Lately, a few unabashedly Jewish characters have debuted in mainstream comics: the X-Men's Kitty Pryde (who scares off Vampires with her trusty Star of David), and Israeli "super-soldier" Sabra. But most Jewish comic books are labors of love by artists not associated with big-name publishers. Pittsburgh's Al Wiesner self-publishes Shaloman, "who sports a Hebrew letter 'shin' on his chest. Instead of being a man of steel, he is a man of stone, as were the original commandments that he strives to uphold."
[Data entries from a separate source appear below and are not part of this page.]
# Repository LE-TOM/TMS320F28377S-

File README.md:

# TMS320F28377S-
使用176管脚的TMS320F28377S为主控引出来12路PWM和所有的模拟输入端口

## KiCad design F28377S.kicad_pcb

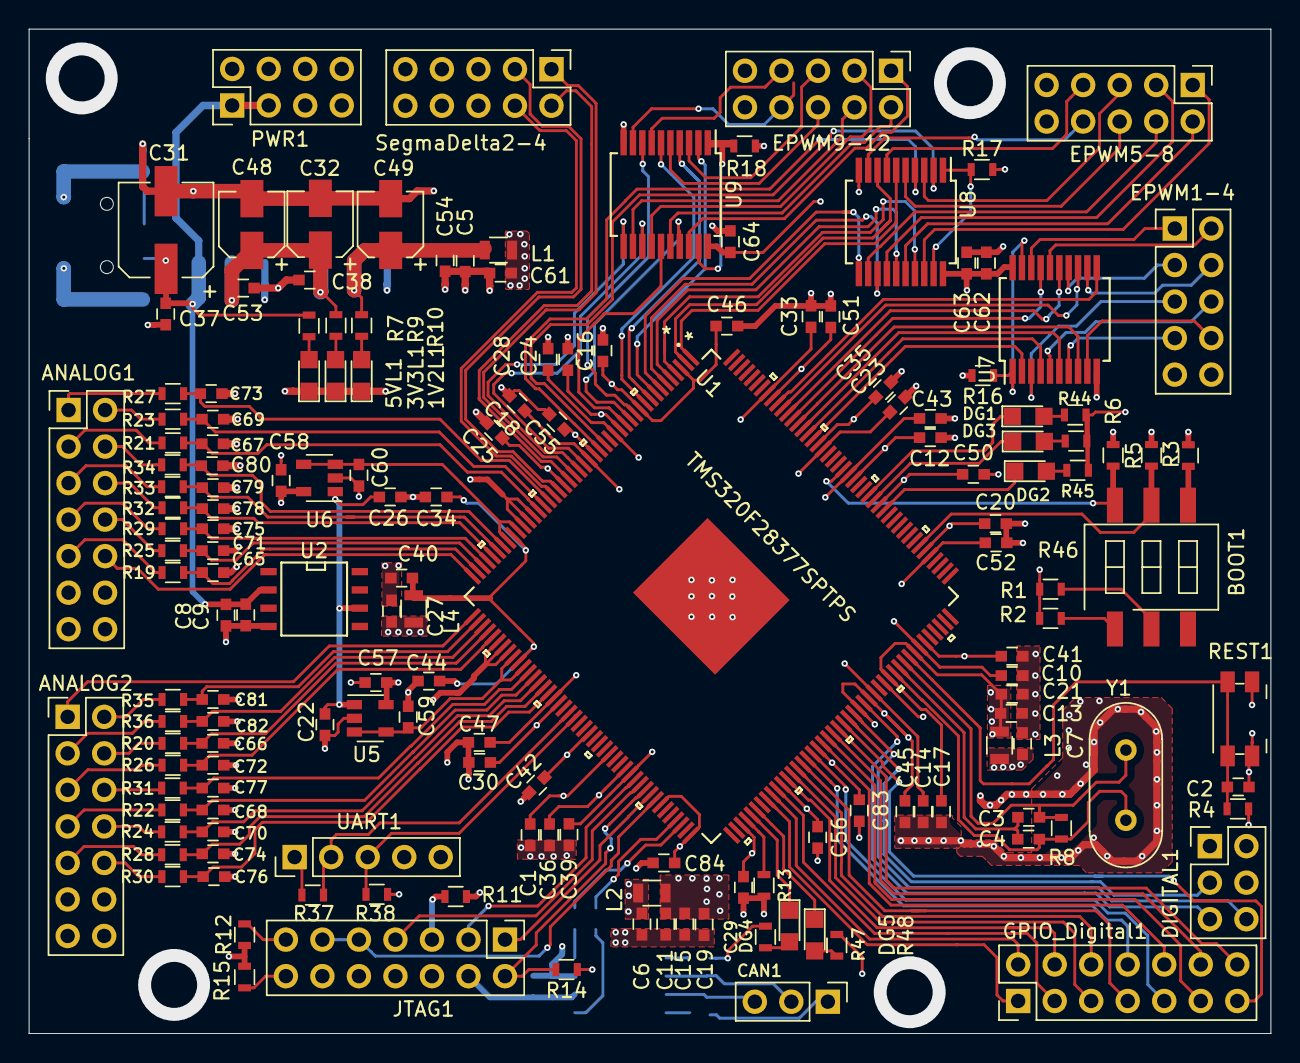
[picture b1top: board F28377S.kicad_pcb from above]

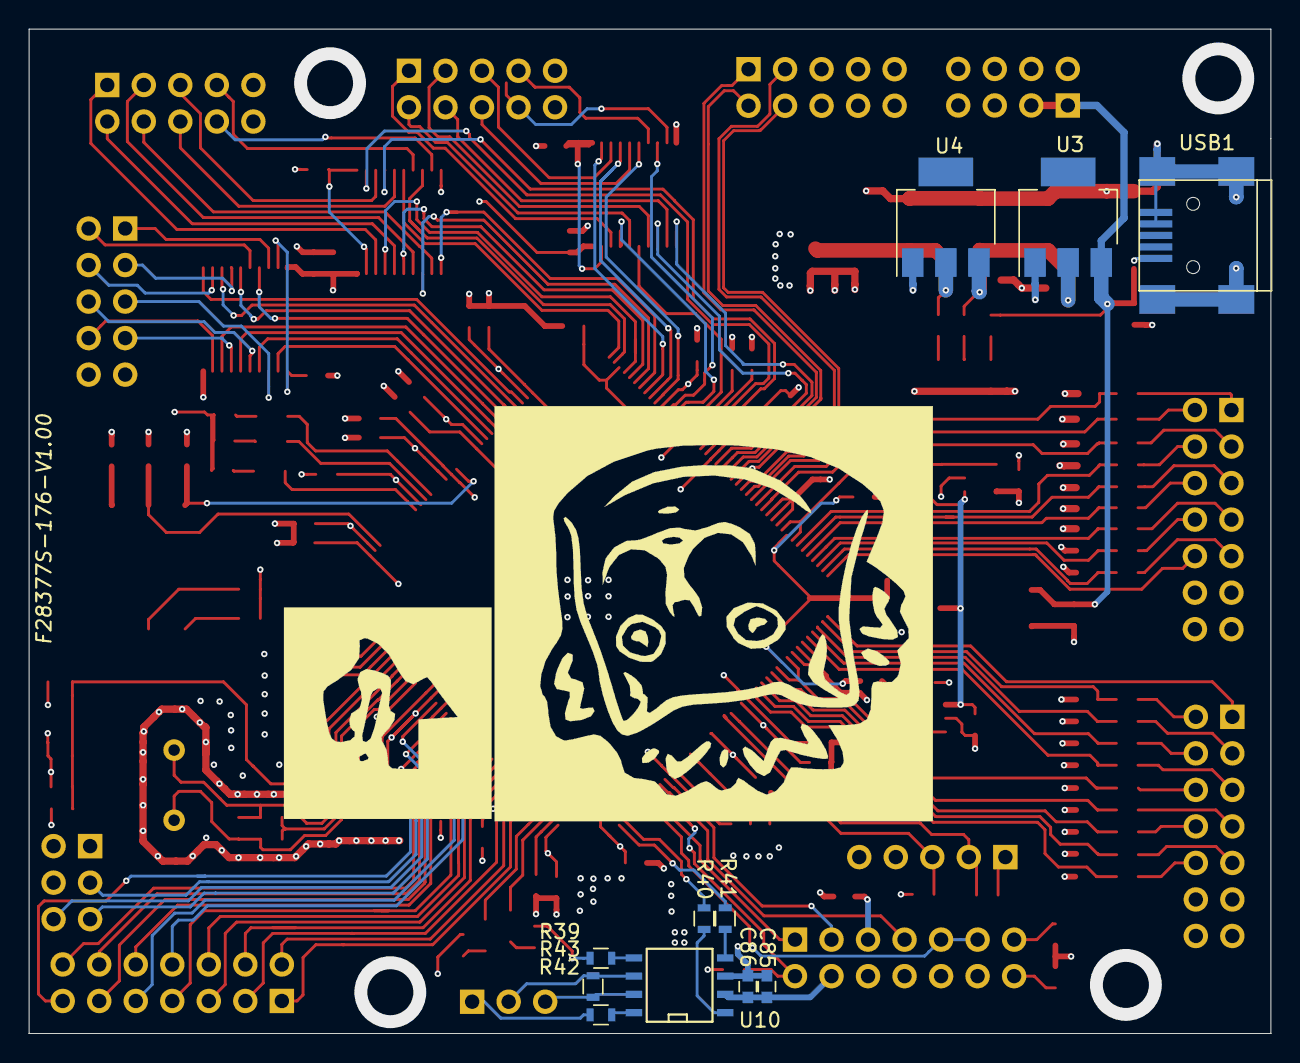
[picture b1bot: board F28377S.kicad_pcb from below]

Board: 4 copper layers, 86.4 x 69.8 mm, 172 parts (11 on the bottom side), 162 nets.

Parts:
1V2L1: BLED; LED_0805
3V3L1: GLED; LED_0805
5VL1: RLED; LED_0805
ANALOG1, ANALOG2: ANALOG; Pin_Header_Straight_2x07_Pitch2.54mm
BOOT1: BOOT; SW_DIP_x3_W8.61mm_Slide_LowProfile
C1, C2, C9, C11, C12, C15, C16, C17, C19, C20, C21, C24, C25, C26, C29, C30, C35, C36, C37, C38, C40, C41, C42, C44, C45, C46, C50, C51, C53, C54, C55, C56, C57, C58, C59, C60, C62, C63, C64, C83, C84, C86: 0.1u; C_0603
C3, C4: 25p; C_0603
C5, C6, C7, C10, C13, C14, C18, C23, C27, C28, C33, C34, C39, C43, C47, C52, C61: 2u2; C_0603
C8, C22, C85: 2.2u; C_0603
C31: 220u; CP_Elec_6.3x4.5
C32, C48, C49: 220u; CP_Elec_4x4.5
C65, C66, C67, C68, C69, C70, C71, C72, C73, C74, C75, C76, C77, C78, C79, C80, C81, C82: 100p; C_0603
CAN1: CAN; Pin_Header_Straight_1x03_Pitch2.54mm
DG1, DG2, DG3, DG4, DG5: DG1; LED_0805
DIGITAL1: DIGITAL; Pin_Header_Straight_2x03_Pitch2.54mm
EPWM1-4: EPWM1-4; Pin_Header_Straight_2x05_Pitch2.54mm
EPWM5-8: EPWM5-8; Pin_Header_Straight_2x05_Pitch2.54mm
EPWM9-12: EPWM9-12; Pin_Header_Straight_2x05_Pitch2.54mm
GPIO_Digital1: GPIO_Digital; Pin_Header_Straight_2x07_Pitch2.54mm
JTAG1: PROGRAME; Pin_Header_Straight_2x07_Pitch2.54mm
L1, L2, L3, L4: 200Ohm; R_0805
PWR1: PWR; Pin_Header_Straight_2x04_Pitch2.54mm
R1, R2: 820; R_0603
R3, R5, R6, R14: 2k2; R_0603
R4, R12, R15, R16, R17, R18, R37, R38, R39, R42: 4k7; R_0603
R7, R9, R44, R45, R46, R47, R48: 1k; R_0603
R8: 1M; R_0603
R10: 300; R_0603
R11, R19, R20, R21, R22, R23, R24, R25, R26, R27, R28, R29, R30, R31, R32, R33, R34, R35, R36, R40, R41: 100; R_0603
R13: 10k; R_0603
R43: 120; R_0603
REST1: SW_Push; Panasonic_EVQPUK_EVQPUB
SegmaDelta2-4: SegmaDelta2-4; Pin_Header_Straight_2x05_Pitch2.54mm
U1: TMS320F28377SPTPS
U2: REF196; SOIC-8-N
U3: AZ1117-3.3; SOT-223
U4: AZ1117-1.2; SOT-223
U5, U6: LM321; SOT-23-5
U7, U8, U9: 74HC244; SSOP-20_5.3x7.2mm_Pitch0.65mm
U10: SN65HVD230; SOIC-8-N
UART1: UART; Pin_Header_Straight_1x05_Pitch2.54mm
USB1: USB_B_Mini; USB_Mini-B
Y1: 10Mhz; Crystal_HC49-4H_Vertical

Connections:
+1V2: C5.1, C49.1, C54.1, L1.1, R10.1, U4.2
+3V3: ANALOG1.11, ANALOG1.12, ANALOG2.11, ANALOG2.12, C1.1, C6.1, C7.1, C27.1, C32.1, C38.1, C48.1, C53.1, C57.2, C58.2, C62.2, C63.2, C64.2, C85.2, C86.2, EPWM1-4.10, EPWM5-8.10, EPWM9-12.10, L2.1, L3.1, L4.1, PWR1.6, PWR1.8, R1.1, R2.1, R4.1, R9.1, R11.1, R12.1, R15.1, R37.1, R38.1, R39.1, R44.1, R45.1, R46.1, R47.1, R48.1, SegmaDelta2-4.6, SegmaDelta2-4.8, SegmaDelta2-4.10, U1.72, U1.119, U3.2, U4.3, U5.5, U6.5, U7.20, U8.20, U9.20, U10.3, UART1.1
+5V: C8.1, C9.1, C31.1, C37.1, PWR1.1, PWR1.3, R7.1, U2.2, U3.3, USB1.1
/ADCIN14: ANALOG1.10, U1.44
/ADCIN15: ANALOG2.1, U1.45
/ADCINA0: C65.1, R19.2, U1.43
/ADCINA1: C71.1, R25.2, U1.42
/ADCINA2: C75.1, R29.2, U1.41
/ADCINA3: C78.1, R32.2, U1.40
/ADCINA4: C79.1, R33.2, U1.39
/ADCINA5: C80.1, R34.2, U1.38
/ADCINB0: C81.1, R35.2, U1.46
/ADCINB1: C82.1, R36.2, U1.47
/ADCINB2: C66.1, R20.2, U1.48
/ADCINB3: C72.1, R26.2, U1.49
/ADCINC2: C67.1, R21.2, U1.31
/ADCINC3: C69.1, R23.2, U1.30
/ADCINC4: C73.1, R27.2, U1.29
/ADCIND0: C77.1, R31.2, U1.56
/ADCIND1: C68.1, R22.2, U1.57
/ADCIND2: C70.1, R24.2, U1.58
/ADCIND3: C74.1, R28.2, U1.59
/ADCIND4: C76.1, R30.2, U1.60
/BGPIO0: EPWM1-4.1, U7.18
/BGPIO1: EPWM1-4.2, U7.16
/BGPIO2: EPWM1-4.3, U7.14
/BGPIO3: EPWM1-4.4, U7.12
/BGPIO4: EPWM1-4.5, U7.3
/BGPIO5: EPWM1-4.6, U7.5
/BGPIO6: EPWM1-4.7, U7.7
/BGPIO7: EPWM1-4.8, U7.9
/BGPIO8: EPWM5-8.1, U8.18
/BGPIO9: EPWM5-8.2, U8.16
/BGPIO10: EPWM5-8.3, U8.14
/BGPIO11: EPWM5-8.4, U8.12
/BGPIO12: EPWM5-8.5, U8.3
/BGPIO13: EPWM5-8.6, U8.5
/BGPIO14: EPWM5-8.7, U8.7
/BGPIO15: EPWM5-8.8, U8.9
/BGPIO16: EPWM9-12.1, U9.18
/BGPIO17: EPWM9-12.2, U9.16
/BGPIO18: EPWM9-12.3, U9.14
/BGPIO19: EPWM9-12.4, U9.12
/BGPIO20: EPWM9-12.5, U9.3
/BGPIO21: EPWM9-12.6, U9.5
/BGPIO22: EPWM9-12.7, U9.7
/BGPIO23: EPWM9-12.8, U9.9
/EA0: ANALOG1.9, R19.1
/EA1: ANALOG1.8, R25.1
/EA2: ANALOG1.7, R29.1
/EA3: ANALOG1.6, R32.1
/EA4: ANALOG1.5, R33.1
/EA5: ANALOG1.4, R34.1
/EB0: ANALOG2.2, R35.1
/EB1: ANALOG2.3, R36.1
/EB2: ANALOG2.4, R20.1
/EB3: ANALOG2.5, R26.1
/EC2: ANALOG1.3, R21.1
/EC3: ANALOG1.2, R23.1
/EC4: ANALOG1.1, R27.1
/ED0: ANALOG2.6, R31.1
/ED1: ANALOG2.7, R22.1
/ED2: ANALOG2.8, R24.1
/ED3: ANALOG2.9, R28.1
/ED4: ANALOG2.10, R30.1
/GPIO0: U1.160, U7.2
/GPIO1: U1.161, U7.4
/GPIO2: U1.162, U7.6
/GPIO3: U1.163, U7.8
/GPIO4: U1.164, U7.17
/GPIO5: U1.165, U7.15
/GPIO6: U1.166, U7.13
/GPIO7: U1.167, U7.11
/GPIO8: U1.18, U8.2
/GPIO9: U1.19, U8.4
/GPIO10: U1.1, U8.6
/GPIO11: U1.2, U8.8
/GPIO12: U1.4, U8.17
/GPIO13: U1.5, U8.15
/GPIO14: U1.6, U8.13
/GPIO15: U1.7, U8.11
/GPIO16: U1.8, U9.2
/GPIO17: U1.9, U9.4
/GPIO18: U1.10, U9.6
/GPIO19: U1.12, U9.8
/GPIO20: U1.13, U9.17
/GPIO21: U1.14, U9.15
/GPIO22: U1.22, U9.13
/GPIO23: U1.23, U9.11
/GPIO24: SegmaDelta2-4.1, U1.24
/GPIO25: SegmaDelta2-4.2, U1.25
/GPIO26: SegmaDelta2-4.3, U1.27
/GPIO27: SegmaDelta2-4.4, U1.28
/GPIO28: R37.2, U1.64, UART1.2
/GPIO29: R38.2, U1.65, UART1.3
/GPIO38: R40.1, U1.85
/GPIO39: R41.1, U1.86
/GPIO44: DIGITAL1.6, U1.113
/GPIO45: DIGITAL1.5, U1.115
/GPIO49_DG4: DG4.1, U1.93
/GPIO50_DG5: DG5.1, U1.94
/GPIO52: GPIO_Digital1.1, U1.96
/GPIO53: GPIO_Digital1.2, U1.97
/GPIO54: GPIO_Digital1.3, U1.98
/GPIO55: GPIO_Digital1.4, U1.100
/GPIO56: GPIO_Digital1.5, U1.101
/GPIO57: GPIO_Digital1.6, U1.102
/GPIO58: GPIO_Digital1.7, U1.103
/GPIO59: GPIO_Digital1.8, U1.104
/GPIO60: GPIO_Digital1.9, U1.105
/GPIO61: GPIO_Digital1.10, U1.107
/GPIO62: GPIO_Digital1.11, U1.108
/GPIO63: GPIO_Digital1.12, U1.109
/GPIO64: GPIO_Digital1.14, U1.110
/GPIO65: GPIO_Digital1.13, U1.111
/GPIO66: DIGITAL1.3, U1.112
/GPIO72: BOOT1.5, R5.1, U1.139
/GPIO79_DG2: DG2.1, U1.146
/GPIO80_DG3: DG3.1, U1.148
/GPIO81_DG1: DG1.1, U1.149
/GPIO84: BOOT1.6, R6.1, U1.154
/RESET: C2.1, R4.2, REST1.2, U1.124
/TCK: JTAG1.9, JTAG1.11, U1.81
/TDI: JTAG1.3, U1.77
/TDO: JTAG1.7, U1.78
/TMS: JTAG1.1, U1.80
/TRST: BOOT1.4, R3.1
/TRST_N: JTAG1.2, R14.2, U1.79
/VDD: C10.1, C14.1, C18.1, C23.1, C28.1, C33.1, C39.1, C43.1, C47.1, C52.1, C61.1, L1.2, U1.16, U1.21, U1.61, U1.76, U1.117, U1.126, U1.137, U1.153, U1.158, U1.169
/VDDA: C34.1, C40.1, C44.1, L4.2, U1.36, U1.54
/VDDIO: C11.1, C12.1, C15.1, C16.1, C19.1, C20.1, C24.1, C25.1, C29.1, C30.1, C35.1, C36.1, C41.1, C42.1, C45.1, C46.1, C50.1, C51.1, C55.1, C56.1, C83.1, C84.1, L2.2, U1.3, U1.11, U1.15, U1.20, U1.26, U1.62, U1.68, U1.75, U1.82, U1.88, U1.91, U1.99, U1.106, U1.114, U1.116, U1.127, U1.138, U1.147, U1.152, U1.159, U1.168
/VDDOSC: C13.1, C17.1, C21.1, L3.2, U1.120, U1.125
/VREFHIA: C60.2, U1.35, U1.37, U6.3, U6.4
/VREFHIB: C59.2, U1.53, U1.55, U5.3, U5.4
/VSSOSC: C3.2, C4.2, U1.122
GND: 1V2L1.1, 3V3L1.1, 5VL1.1, ANALOG1.13, ANALOG1.14, ANALOG2.13, ANALOG2.14, C1.2, C2.2, C5.2, C6.2, C7.2, C8.2, C9.2, C10.2, C11.2, C12.2, C13.2, C14.2, C15.2, C16.2, C17.2, C18.2, C19.2, C20.2, C21.2, C22.2, C23.2, C24.2, C25.2, C26.2, C27.2, C28.2, C29.2, C30.2, C31.2, C32.2, C33.2, C34.2, C35.2, C36.2, C37.2, C38.2, C39.2, C40.2, C41.2, C42.2, C43.2, C44.2, C45.2, C46.2, C47.2, C48.2, C49.2, C50.2, C51.2, C52.2, C53.2, C54.2, C55.2, C56.2, C57.1, C58.1, C59.1, C60.1, C61.2, C62.1, C63.1, C64.1, C65.2, C66.2, C67.2, C68.2, C69.2, C70.2, C71.2, C72.2, C73.2, C74.2, C75.2, C76.2, C77.2, C78.2, C79.2, C80.2, C81.2, C82.2, C83.2, C84.2, C85.1, C86.1, CAN1.1, DIGITAL1.1, DIGITAL1.2, DIGITAL1.4, EPWM1-4.9, EPWM5-8.9, EPWM9-12.9, JTAG1.4, JTAG1.8, JTAG1.10, JTAG1.12, PWR1.2, PWR1.4, PWR1.5, PWR1.7, R3.2, R5.2, R6.2, R13.2, R14.1, R16.2, R17.2, R18.2, R42.2, REST1.1, SegmaDelta2-4.5, SegmaDelta2-4.7, SegmaDelta2-4.9, U1.32, U1.33, U1.34, U1.50, U1.51, U1.52, U1.177, U2.4, U3.1, U4.1, U5.2, U6.2, U7.10, U8.10, U9.10, U10.2, UART1.4, USB1.4, USB1.5, USB1.6
unnamed: 1V2L1.2, R10.2
unnamed: 3V3L1.2, R9.2
unnamed: 5VL1.2, R7.2
unnamed: BOOT1.1, R2.2
unnamed: BOOT1.2, R1.2
unnamed: C3.1, R8.1, U1.123, Y1.1
unnamed: C4.1, R8.2, U1.121, Y1.2
unnamed: C22.1, C26.1, U2.6, U5.1, U6.1
unnamed: CAN1.2, R43.1, U10.6
unnamed: CAN1.3, R43.2, U10.7
unnamed: DG1.2, R44.2
unnamed: DG2.2, R45.2
unnamed: DG3.2, R46.2
unnamed: DG4.2, R47.2
unnamed: DG5.2, R48.2
unnamed: JTAG1.5, R11.2
unnamed: JTAG1.13, R12.2
unnamed: JTAG1.14, R15.2
unnamed: R13.1, U1.92
unnamed: R16.1, U7.1, U7.19
unnamed: R17.1, U8.1, U8.19
unnamed: R18.1, U9.1, U9.19
unnamed: R39.2, U10.5
unnamed: R40.2, U10.1
unnamed: R41.2, U10.4
unnamed: R42.1, U10.8

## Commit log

2020-08-23 upload
    上传硬件原理图以及PCB

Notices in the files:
parts and their libraries:
Copyright 2016 Accelerated Designs. All rights reserved.

Perhaps the most ambitious undertaking is Alan E. Oirich's educational Jewish Hero Corps project. Oirich started developing his characters as a child. Thirty years later, the JHC have their own trading cards, interactive CD-ROMs, and "fans across the religious spectrum, including Reform, Conservative, Orthodox and even Hassidic" Jews. Menorah Man grows eight arms and shoots flames from them. Dreidel Maidel spins at tremendous velocity, "so no one can see her perform good deeds." Shabbas Queen's electro-magnetic wand must be recharged one day in seven. Minyan Man "can multiply into 10, becoming a pyramid or a human chain." HyperGirl acquired her superpowers "after unknowingly eating a matzah baked in a microwave oven with radioactive water." Spoonfuls of silly humour (Yarmulkah Youth's nickname is the Capped Crusader) help the Hebrew School lessons go down.

The eagerly-awaited Kavalier and Clay film should expose the epic tale of comic books and their Jewish inventors to a wider audience. Meanwhile, Shainblum dreams of making his own documentary film on the subject, and Bergson lovingly tends his massive online "Jewish Comics Bibliography" (www.geocities.com/Athens/Acropolis/5756/JWISHC.HTM).

Yet Marvel chairman emeritus Stan Lee claims he just doesn't get it. Lee sounded flattered, but flustered, when Radio WNYC recently called him to talk about The Thing's newly-revealed Semitic heritage. "You know, I didn't intend for him to be Jewish," Lee laughed. "No. I never thought for a minute what `the characters'` religions were."

The show's host pressed bravely on: "How much has Jewishness, do you think, informed the medium" of comic books?

Laughing again, Lee replied: "You know, I have no idea. I never really thought of it. It is strange when you mention it that the best-known characters were done by Jewish writers. I guess that is an odd thought."

With that, the living legend signed off, adding apologetically: "I hope I didn't spoil your whole show."